[WHAT YOU HAVE TO DO]: Copy every line of the records below where the word "with" occurs.

━━━━

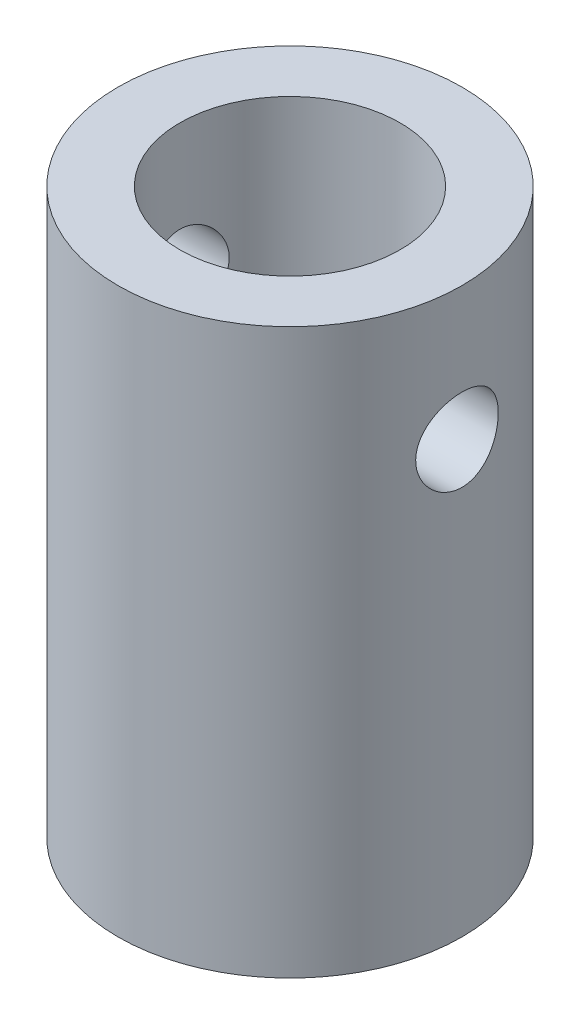
from build123d import *

# Parameters (mm, degrees)
SKETCH_1_R               = 12.5
EXTRUDE_1_DEPTH          = 41
SKETCH_2_R               = 8
CUT_EXTRUDE_1_DEPTH      = 19
CUT_EXTRUDE_2_DEPTH      = 45.648628254
CUT_EXTRUDE_2_DEPTH_BACK = 45.648628254
SKETCH_4_R               = 3


with BuildPart() as part:
    # 草图1 → 凸台-拉伸1 (new body)
    with BuildSketch(Plane(origin=(0, 0, 0), x_dir=(1, 0, 0), z_dir=(0, 1, 0))):
        with Locations(Location((0, 0, 0), (0, 0, 270))):
            Circle(SKETCH_1_R)
        with BuildLine():
            ThreePointArc((1.320081675, 7.281303755), (1.178664494, 7.305528729), (1.036804224, 7.32700737))
            add(Edge.make_bspline(
                [(1.036804224, 7.32700737), (0.981349652, 7.270157618), (0.925664276, 7.213171767), (0.822185543, 7.094937546), (0.774343887, 7.033715099), (0.635290922, 6.847559044), (0.548900943, 6.720025237), (0.477457546, 6.587144437)],
                knots=[0, 0, 0, 0, 0.25, 0.25, 0.5, 0.5, 1, 1, 1, 1], degree=3))
            add(Edge.make_bspline(
                [(0.477457546, 6.587144437), (0.465670482, 6.560002351), (0.446966495, 6.534634966), (0.392581447, 6.494187019), (0.354923032, 6.479375673), (0.274403838, 6.478342584), (0.234194601, 6.492926686), (0.177477992, 6.534562396), (0.158353178, 6.560913911), (0.146609234, 6.588640193)],
                knots=[0, 0, 0, 0, 0.25, 0.25, 0.5, 0.5, 0.75, 0.75, 1, 1, 1, 1], degree=3))
            add(Edge.make_bspline(
                [(0.146609234, 6.588640193), (0.087406412, 6.729534896), (0.022470706, 6.869008306), (-0.095794127, 7.071358543), (-0.138881021, 7.137641916), (-0.232486032, 7.266772188), (-0.282985734, 7.329709482), (-0.333258041, 7.392492075)],
                knots=[0, 0, 0, 0, 0.5, 0.5, 0.75, 0.75, 1, 1, 1, 1], degree=3))
            ThreePointArc((-0.333258041, 7.392492075), (-0.476520161, 7.384641395), (-0.619603145, 7.374014642))
            add(Edge.make_bspline(
                [(-0.619603145, 7.374014642), (-0.661016756, 7.306295373), (-0.702626315, 7.238396061), (-0.777131852, 7.100013493), (-0.810027468, 7.029653931), (-0.904545173, 6.817549796), (-0.961750638, 6.674495088), (-1.001808258, 6.529141787)],
                knots=[0, 0, 0, 0, 0.25, 0.25, 0.5, 0.5, 1, 1, 1, 1], degree=3))
            add(Edge.make_bspline(
                [(-1.001808258, 6.529141787), (-1.00726029, 6.500056407), (-1.019851275, 6.471161346), (-1.063877394, 6.419622783), (-1.097300474, 6.396802915), (-1.175575056, 6.377883569), (-1.218016449, 6.383157985), (-1.282568598, 6.411128867), (-1.307075952, 6.432562592), (-1.32469435, 6.456979365)],
                knots=[0, 0, 0, 0, 0.25, 0.25, 0.5, 0.5, 0.75, 0.75, 1, 1, 1, 1], degree=3))
            add(Edge.make_bspline(
                [(-1.32469435, 6.456979365), (-1.413614574, 6.580958145), (-1.50733275, 6.702515874), (-1.667328953, 6.873226276), (-1.724044413, 6.928139193), (-1.843879738, 7.033004611), (-1.907009881, 7.083047862), (-1.969886807, 7.132989973)],
                knots=[0, 0, 0, 0, 0.5, 0.5, 0.75, 0.75, 1, 1, 1, 1], degree=3))
            ThreePointArc((-1.969886807, 7.132989973), (-2.107810106, 7.093457306), (-2.244941026, 7.051258028))
            add(Edge.make_bspline(
                [(-2.244941026, 7.051258028), (-2.270240634, 6.976112089), (-2.295690848, 6.900747155), (-2.337400908, 6.749436272), (-2.353691732, 6.673613581), (-2.399065606, 6.44603228), (-2.424376538, 6.293898001), (-2.431078977, 6.143425776)],
                knots=[0, 0, 0, 0, 0.25, 0.25, 0.5, 0.5, 1, 1, 1, 1], degree=3))
            add(Edge.make_bspline(
                [(-2.431078977, 6.143425776), (-2.429922179, 6.113855693), (-2.435767989, 6.082881938), (-2.467225283, 6.0228357), (-2.494736026, 5.993149765), (-2.566842089, 5.957290187), (-2.609389832, 5.952991684), (-2.678542057, 5.965898104), (-2.707202858, 5.981340256), (-2.729811991, 6.001223702)],
                knots=[0, 0, 0, 0, 0.25, 0.25, 0.5, 0.5, 0.75, 0.75, 1, 1, 1, 1], degree=3))
            add(Edge.make_bspline(
                [(-2.729811991, 6.001223702), (-2.843877091, 6.102118361), (-2.961914777, 6.199724831), (-3.155568152, 6.330271891), (-3.222981858, 6.371086663), (-3.362905878, 6.446499746), (-3.43545494, 6.481176752), (-3.507737223, 6.51580997)],
                knots=[0, 0, 0, 0, 0.5, 0.5, 0.75, 0.75, 1, 1, 1, 1], degree=3))
            ThreePointArc((-3.507737223, 6.51580997), (-3.633405651, 6.446577647), (-3.75770819, 6.374921893))
            add(Edge.make_bspline(
                [(-3.75770819, 6.374921893), (-3.765661335, 6.296145746), (-3.773711673, 6.217123105), (-3.780628654, 6.060577536), (-3.779555086, 5.98316972), (-3.773567953, 5.751425564), (-3.765597829, 5.597330834), (-3.738685008, 5.449337815)],
                knots=[0, 0, 0, 0, 0.25, 0.25, 0.5, 0.5, 1, 1, 1, 1], degree=3))
            add(Edge.make_bspline(
                [(-3.738685008, 5.449337815), (-3.730977122, 5.420766048), (-3.729784017, 5.389267097), (-3.747092837, 5.323723878), (-3.767310281, 5.288659422), (-3.829632001, 5.237655307), (-3.870154862, 5.22399952), (-3.940441778, 5.221196026), (-3.971819073, 5.229873103), (-3.998285223, 5.244226695)],
                knots=[0, 0, 0, 0, 0.25, 0.25, 0.5, 0.5, 0.75, 0.75, 1, 1, 1, 1], degree=3))
            add(Edge.make_bspline(
                [(-3.998285223, 5.244226695), (-4.131679459, 5.317066828), (-4.268286416, 5.385729002), (-4.485811662, 5.469600321), (-4.560473939, 5.49433348), (-4.713371018, 5.53663568), (-4.791666925, 5.5542605), (-4.869695047, 5.571900047)],
                knots=[0, 0, 0, 0, 0.5, 0.5, 0.75, 0.75, 1, 1, 1, 1], degree=3))
            ThreePointArc((-4.869695047, 5.571900047), (-4.976807064, 5.476439667), (-5.082048173, 5.378920556))
            add(Edge.make_bspline(
                [(-5.082048173, 5.378920556), (-5.072307151, 5.300480381), (-5.062604806, 5.221779379), (-5.034518787, 5.06791266), (-5.016219273, 4.992847823), (-4.959223265, 4.768468173), (-4.918131697, 4.619753183), (-4.859057524, 4.481682373)],
                knots=[0, 0, 0, 0, 0.25, 0.25, 0.5, 0.5, 1, 1, 1, 1], degree=3))
            add(Edge.make_bspline(
                [(-4.859057524, 4.481682373), (-4.845184968, 4.455541927), (-4.837012483, 4.425097777), (-4.839303133, 4.357344949), (-4.851211988, 4.318660124), (-4.90062315, 4.255067306), (-4.93709085, 4.232738081), (-5.004990319, 4.214365565), (-5.037511239, 4.215842974), (-5.066507502, 4.223947335)],
                knots=[0, 0, 0, 0, 0.25, 0.25, 0.5, 0.5, 0.75, 0.75, 1, 1, 1, 1], degree=3))
            add(Edge.make_bspline(
                [(-5.066507502, 4.223947335), (-5.212479984, 4.265197318), (-5.360842679, 4.301259016), (-5.591236122, 4.334292186), (-5.669365776, 4.341792836), (-5.827522419, 4.349018186), (-5.907622429, 4.348769055), (-5.987466028, 4.348591789)],
                knots=[0, 0, 0, 0, 0.5, 0.5, 0.75, 0.75, 1, 1, 1, 1], degree=3))
            ThreePointArc((-5.987466028, 4.348591789), (-6.07065059, 4.231690135), (-6.151553041, 4.113197681))
            add(Edge.make_bspline(
                [(-6.151553041, 4.113197681), (-6.124665563, 4.039025234), (-6.097756481, 3.964591682), (-6.036232892, 3.821126102), (-6.001721665, 3.75217647), (-5.896624578, 3.54632475), (-5.824172679, 3.410224986), (-5.73601637, 3.288981735)],
                knots=[0, 0, 0, 0, 0.25, 0.25, 0.5, 0.5, 1, 1, 1, 1], degree=3))
            add(Edge.make_bspline(
                [(-5.73601637, 3.288981735), (-5.716674868, 3.26658366), (-5.70193286, 3.238721432), (-5.68908961, 3.172157886), (-5.692091566, 3.131793216), (-5.726112744, 3.058799878), (-5.756697382, 3.028915331), (-5.818806502, 2.995894044), (-5.850840963, 2.990097794), (-5.880913702, 2.99154669)],
                knots=[0, 0, 0, 0, 0.25, 0.25, 0.5, 0.5, 0.75, 0.75, 1, 1, 1, 1], degree=3))
            add(Edge.make_bspline(
                [(-5.880913702, 2.99154669), (-6.03212545, 2.999266228), (-6.184669855, 3.000659405), (-6.416269572, 2.981259188), (-6.493951948, 2.971250179), (-6.649452266, 2.943197824), (-6.727342999, 2.925149799), (-6.80500046, 2.907226981)],
                knots=[0, 0, 0, 0, 0.5, 0.5, 0.75, 0.75, 1, 1, 1, 1], degree=3))
            ThreePointArc((-6.80500046, 2.907226981), (-6.860086346, 2.774745989), (-6.912593353, 2.641221899))
            add(Edge.make_bspline(
                [(-6.912593353, 2.641221899), (-6.869966678, 2.575015519), (-6.82725982, 2.508561801), (-6.73553422, 2.382638228), (-6.686632649, 2.323229472), (-6.538755143, 2.146143868), (-6.438293852, 2.029438921), (-6.325587166, 1.931042891)],
                knots=[0, 0, 0, 0, 0.25, 0.25, 0.5, 0.5, 1, 1, 1, 1], degree=3))
            add(Edge.make_bspline(
                [(-6.325587166, 1.931042891), (-6.301746825, 1.91351047), (-6.281174899, 1.889627674), (-6.253842011, 1.827592924), (-6.247786065, 1.787573767), (-6.264709487, 1.708840723), (-6.287877013, 1.67289766), (-6.341082222, 1.626881406), (-6.371024466, 1.614101801), (-6.400666096, 1.608822473)],
                knots=[0, 0, 0, 0, 0.25, 0.25, 0.5, 0.5, 0.75, 0.75, 1, 1, 1, 1], degree=3))
            add(Edge.make_bspline(
                [(-6.400666096, 1.608822473), (-6.549559073, 1.582743795), (-6.698324927, 1.549172856), (-6.919406344, 1.478394292), (-6.992789955, 1.451467307), (-7.137909136, 1.389684274), (-7.209706127, 1.354796727), (-7.281303754, 1.320081673)],
                knots=[0, 0, 0, 0, 0.5, 0.5, 0.75, 0.75, 1, 1, 1, 1], degree=3))
            ThreePointArc((-7.281303754, 1.320081673), (-7.305528728, 1.178664492), (-7.327007369, 1.036804222))
            add(Edge.make_bspline(
                [(-7.327007369, 1.036804222), (-7.270829338, 0.981845361), (-7.214517578, 0.926666067), (-7.097308165, 0.824494804), (-7.03653664, 0.77754061), (-6.853346183, 0.638018121), (-6.729723914, 0.546669005), (-6.598206372, 0.475958565)],
                knots=[0, 0, 0, 0, 0.25, 0.25, 0.5, 0.5, 1, 1, 1, 1], degree=3))
            add(Edge.make_bspline(
                [(-6.598206372, 0.475958565), (-6.571624676, 0.463639432), (-6.546877047, 0.444637459), (-6.507538992, 0.390166285), (-6.493277365, 0.35281192), (-6.492280061, 0.273518396), (-6.506240232, 0.233785027), (-6.546781433, 0.176863082), (-6.572509336, 0.157415149), (-6.599702128, 0.145110252)],
                knots=[0, 0, 0, 0, 0.25, 0.25, 0.5, 0.5, 0.75, 0.75, 1, 1, 1, 1], degree=3))
            add(Edge.make_bspline(
                [(-6.599702128, 0.145110252), (-6.738870055, 0.086632861), (-6.875941631, 0.019665553), (-7.0753157, -0.09884181), (-7.140797266, -0.141273025), (-7.268373923, -0.233592416), (-7.330511035, -0.283531059), (-7.392492073, -0.333258043)],
                knots=[0, 0, 0, 0, 0.5, 0.5, 0.75, 0.75, 1, 1, 1, 1], degree=3))
            ThreePointArc((-7.392492073, -0.333258043), (-7.384641393, -0.476520163), (-7.37401464, -0.619603147))
            add(Edge.make_bspline(
                [(-7.37401464, -0.619603147), (-7.307137232, -0.660609027), (-7.240080525, -0.70179702), (-7.103332749, -0.775228732), (-7.033771874, -0.807459702), (-6.824506901, -0.902506121), (-6.683886012, -0.96371013), (-6.540203721, -1.00330724)],
                knots=[0, 0, 0, 0, 0.25, 0.25, 0.5, 0.5, 1, 1, 1, 1], degree=3))
            add(Edge.make_bspline(
                [(-6.540203721, -1.00330724), (-6.511347253, -1.00910232), (-6.48273997, -1.021921219), (-6.431772233, -1.066116529), (-6.409274205, -1.099443431), (-6.390513759, -1.177071883), (-6.395515724, -1.219205987), (-6.422889995, -1.283735746), (-6.44396635, -1.308345255), (-6.4680413, -1.326193332)],
                knots=[0, 0, 0, 0, 0.25, 0.25, 0.5, 0.5, 0.75, 0.75, 1, 1, 1, 1], degree=3))
            add(Edge.make_bspline(
                [(-6.4680413, -1.326193332), (-6.59058573, -1.414084809), (-6.708551771, -1.511042288), (-6.876132512, -1.671225086), (-6.930522798, -1.727007263), (-7.034294677, -1.845195621), (-7.0836949, -1.907661656), (-7.132989972, -1.969886809)],
                knots=[0, 0, 0, 0, 0.5, 0.5, 0.75, 0.75, 1, 1, 1, 1], degree=3))
            ThreePointArc((-7.132989972, -1.969886809), (-7.093457304, -2.107810108), (-7.051258027, -2.244941028))
            add(Edge.make_bspline(
                [(-7.051258027, -2.244941028), (-6.977050626, -2.269992264), (-6.902628683, -2.295178254), (-6.753208403, -2.336331226), (-6.678338982, -2.352311874), (-6.453543437, -2.398199602), (-6.303121796, -2.425957395), (-6.15448771, -2.432577959)],
                knots=[0, 0, 0, 0, 0.25, 0.25, 0.5, 0.5, 1, 1, 1, 1], degree=3))
            add(Edge.make_bspline(
                [(-6.15448771, -2.432577959), (-6.124965793, -2.431542676), (-6.094067851, -2.437477983), (-6.034193535, -2.469017996), (-6.004615509, -2.49651281), (-5.968842441, -2.568418581), (-5.964471905, -2.610863097), (-5.977193324, -2.679979868), (-5.99252125, -2.70865298), (-6.012285637, -2.731310973)],
                knots=[0, 0, 0, 0, 0.25, 0.25, 0.5, 0.5, 0.75, 0.75, 1, 1, 1, 1], degree=3))
            add(Edge.make_bspline(
                [(-6.012285637, -2.731310973), (-6.112142186, -2.844202249), (-6.204549345, -2.966054877), (-6.331861182, -3.159767754), (-6.372526394, -3.226120105), (-6.447417198, -3.364273667), (-6.481637938, -3.436134768), (-6.515809968, -3.507737225)],
                knots=[0, 0, 0, 0, 0.5, 0.5, 0.75, 0.75, 1, 1, 1, 1], degree=3))
            ThreePointArc((-6.515809968, -3.507737225), (-6.446577646, -3.633405653), (-6.374921892, -3.757708191))
            add(Edge.make_bspline(
                [(-6.374921892, -3.757708191), (-6.297102392, -3.765598577), (-6.219045058, -3.773570127), (-6.064397235, -3.7805044), (-5.987928244, -3.779507791), (-5.758921712, -3.774016922), (-5.606565561, -3.76676453), (-5.46039975, -3.740183989)],
                knots=[0, 0, 0, 0, 0.25, 0.25, 0.5, 0.5, 1, 1, 1, 1], degree=3))
            add(Edge.make_bspline(
                [(-5.46039975, -3.740183989), (-5.431823438, -3.732418074), (-5.400308518, -3.731177546), (-5.33472048, -3.748415503), (-5.299616829, -3.768608497), (-5.248540204, -3.830981636), (-5.234880469, -3.871572018), (-5.232141537, -3.941927929), (-5.240873658, -3.973321938), (-5.25528863, -3.999784205)],
                knots=[0, 0, 0, 0, 0.25, 0.25, 0.5, 0.5, 0.75, 0.75, 1, 1, 1, 1], degree=3))
            add(Edge.make_bspline(
                [(-5.25528863, -3.999784205), (-5.327511436, -4.132047912), (-5.389270513, -4.272286498), (-5.469870447, -4.489707851), (-5.494845984, -4.563356811), (-5.537194429, -4.714621993), (-5.55454184, -4.792290433), (-5.571900045, -4.869695049)],
                knots=[0, 0, 0, 0, 0.5, 0.5, 0.75, 0.75, 1, 1, 1, 1], degree=3))
            ThreePointArc((-5.571900045, -4.869695049), (-5.476439666, -4.976807066), (-5.378920554, -5.082048175))
            add(Edge.make_bspline(
                [(-5.378920554, -5.082048175), (-5.301372784, -5.072419594), (-5.223576683, -5.062815368), (-5.071366045, -5.03526514), (-4.997058758, -5.017385835), (-4.77537013, -4.96086732), (-4.629176423, -4.918929556), (-4.492744308, -4.860556506)],
                knots=[0, 0, 0, 0, 0.25, 0.25, 0.5, 0.5, 1, 1, 1, 1], degree=3))
            add(Edge.make_bspline(
                [(-4.492744308, -4.860556506), (-4.466621178, -4.846540536), (-4.436157615, -4.838243813), (-4.368313367, -4.840349291), (-4.329535438, -4.852192893), (-4.265745409, -4.901715291), (-4.243394364, -4.938335211), (-4.225157197, -5.006410791), (-4.226757263, -5.038991519), (-4.23500927, -5.068006484)],
                knots=[0, 0, 0, 0, 0.25, 0.25, 0.5, 0.5, 0.75, 0.75, 1, 1, 1, 1], degree=3))
            add(Edge.make_bspline(
                [(-4.23500927, -5.068006484), (-4.276003086, -5.213071968), (-4.303709719, -5.364153749), (-4.33350538, -5.594282073), (-4.341580001, -5.671613239), (-4.349304528, -5.82851082), (-4.348912849, -5.908116317), (-4.348591788, -5.987466029)],
                knots=[0, 0, 0, 0, 0.5, 0.5, 0.75, 0.75, 1, 1, 1, 1], degree=3))
            ThreePointArc((-4.348591788, -5.987466029), (-4.231690133, -6.070650592), (-4.113197679, -6.151553043))
            add(Edge.make_bspline(
                [(-4.113197679, -6.151553043), (-4.039783557, -6.124908026), (-3.966123502, -6.098230328), (-3.823872386, -6.037603172), (-3.755367485, -6.003743255), (-3.552160678, -5.899099439), (-3.419978777, -5.824720506), (-3.30004367, -5.737515351)],
                knots=[0, 0, 0, 0, 0.25, 0.25, 0.5, 0.5, 1, 1, 1, 1], degree=3))
            add(Edge.make_bspline(
                [(-3.30004367, -5.737515351), (-3.277689092, -5.71805789), (-3.24983757, -5.703209451), (-3.183244495, -5.690191206), (-3.142821582, -5.69311477), (-3.069641505, -5.727178305), (-3.039697099, -5.757887731), (-3.006744701, -5.820180346), (-3.001039092, -5.852293203), (-3.002608625, -5.882412684)],
                knots=[0, 0, 0, 0, 0.25, 0.25, 0.5, 0.5, 0.75, 0.75, 1, 1, 1, 1], degree=3))
            add(Edge.make_bspline(
                [(-3.002608625, -5.882412684), (-3.010300364, -6.033077262), (-3.002439503, -6.186882044), (-2.979889361, -6.418088259), (-2.970658463, -6.495310424), (-2.943353056, -6.650084899), (-2.925226109, -6.727659925), (-2.90722698, -6.805000462)],
                knots=[0, 0, 0, 0, 0.5, 0.5, 0.75, 0.75, 1, 1, 1, 1], degree=3))
            ThreePointArc((-2.90722698, -6.805000462), (-2.774745987, -6.860086348), (-2.641221897, -6.912593354))
            add(Edge.make_bspline(
                [(-2.641221897, -6.912593354), (-2.575596367, -6.870268028), (-2.509739633, -6.827855557), (-2.384476825, -6.737158649), (-2.325130049, -6.688981029), (-2.150649191, -6.541521223), (-2.039600759, -6.438761828), (-1.942104826, -6.327086148)],
                knots=[0, 0, 0, 0, 0.25, 0.25, 0.5, 0.5, 1, 1, 1, 1], degree=3))
            add(Edge.make_bspline(
                [(-1.942104826, -6.327086148), (-1.924576726, -6.303251682), (-1.900704328, -6.282688722), (-1.838714468, -6.25535891), (-1.798727922, -6.249288233), (-1.720006886, -6.266163114), (-1.684018356, -6.289323559), (-1.637952406, -6.342555239), (-1.62516554, -6.37251332), (-1.619884408, -6.402165078)],
                knots=[0, 0, 0, 0, 0.25, 0.25, 0.5, 0.5, 0.75, 0.75, 1, 1, 1, 1], degree=3))
            add(Edge.make_bspline(
                [(-1.619884408, -6.402165078), (-1.593827275, -6.550935046), (-1.550844135, -6.699256637), (-1.477031364, -6.919865933), (-1.450918129, -6.993182563), (-1.389876037, -7.138164228), (-1.354889163, -7.209834281), (-1.320081671, -7.281303756)],
                knots=[0, 0, 0, 0, 0.5, 0.5, 0.75, 0.75, 1, 1, 1, 1], degree=3))
            ThreePointArc((-1.320081671, -7.281303756), (-1.178664491, -7.30552873), (-1.036804221, -7.327007371))
            add(Edge.make_bspline(
                [(-1.036804221, -7.327007371), (-0.982256493, -7.271122895), (-0.927503812, -7.21509805), (-0.825564243, -7.098956368), (-0.778328661, -7.038868824), (-0.641325167, -6.855985119), (-0.557241731, -6.730312994), (-0.487020499, -6.599705353)],
                knots=[0, 0, 0, 0, 0.25, 0.25, 0.5, 0.5, 1, 1, 1, 1], degree=3))
            add(Edge.make_bspline(
                [(-0.487020499, -6.599705353), (-0.47508062, -6.572732966), (-0.456296871, -6.547556103), (-0.401927858, -6.507444512), (-0.364389197, -6.492787345), (-0.284254989, -6.491722616), (-0.244139503, -6.506109386), (-0.187317372, -6.547434913), (-0.16808403, -6.573620987), (-0.156172187, -6.601201109)],
                knots=[0, 0, 0, 0, 0.25, 0.25, 0.5, 0.5, 0.75, 0.75, 1, 1, 1, 1], degree=3))
            add(Edge.make_bspline(
                [(-0.156172187, -6.601201109), (-0.09757707, -6.740649557), (-0.021812833, -6.875679489), (0.09961068, -7.074555161), (0.141367623, -7.140338524), (0.233204147, -7.268305365), (0.283342297, -7.330476435), (0.333258045, -7.392492075)],
                knots=[0, 0, 0, 0, 0.5, 0.5, 0.75, 0.75, 1, 1, 1, 1], degree=3))
            ThreePointArc((0.333258045, -7.392492075), (0.476520165, -7.384641395), (0.619603149, -7.374014642))
            add(Edge.make_bspline(
                [(0.619603149, -7.374014642), (0.660370817, -7.307311833), (0.701308061, -7.240430228), (0.775084868, -7.104238162), (0.80792671, -7.035045769), (0.900383072, -6.826095977), (0.952825915, -6.684740119), (0.992245305, -6.541702703)],
                knots=[0, 0, 0, 0, 0.25, 0.25, 0.5, 0.5, 1, 1, 1, 1], degree=3))
            add(Edge.make_bspline(
                [(0.992245305, -6.541702703), (0.997695814, -6.512625446), (1.010280616, -6.483744594), (1.05426251, -6.4322312), (1.087645053, -6.409412425), (1.165883135, -6.390449487), (1.208367328, -6.395694154), (1.272983503, -6.42366762), (1.29750615, -6.445114017), (1.315131397, -6.469540282)],
                knots=[0, 0, 0, 0, 0.25, 0.25, 0.5, 0.5, 0.75, 0.75, 1, 1, 1, 1], degree=3))
            add(Edge.make_bspline(
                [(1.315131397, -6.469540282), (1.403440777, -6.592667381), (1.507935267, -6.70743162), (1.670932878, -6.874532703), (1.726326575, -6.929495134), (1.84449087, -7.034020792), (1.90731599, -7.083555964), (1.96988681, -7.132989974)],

━━━━

[TASK SOLUTION]:
with BuildPart() as part:
    with BuildSketch(Plane(origin=(0, 0, 0), x_dir=(1, 0, 0), z_dir=(0, 1, 0))):
        with Locations(Location((0, 0, 0), (0, 0, 270))):
        with BuildLine():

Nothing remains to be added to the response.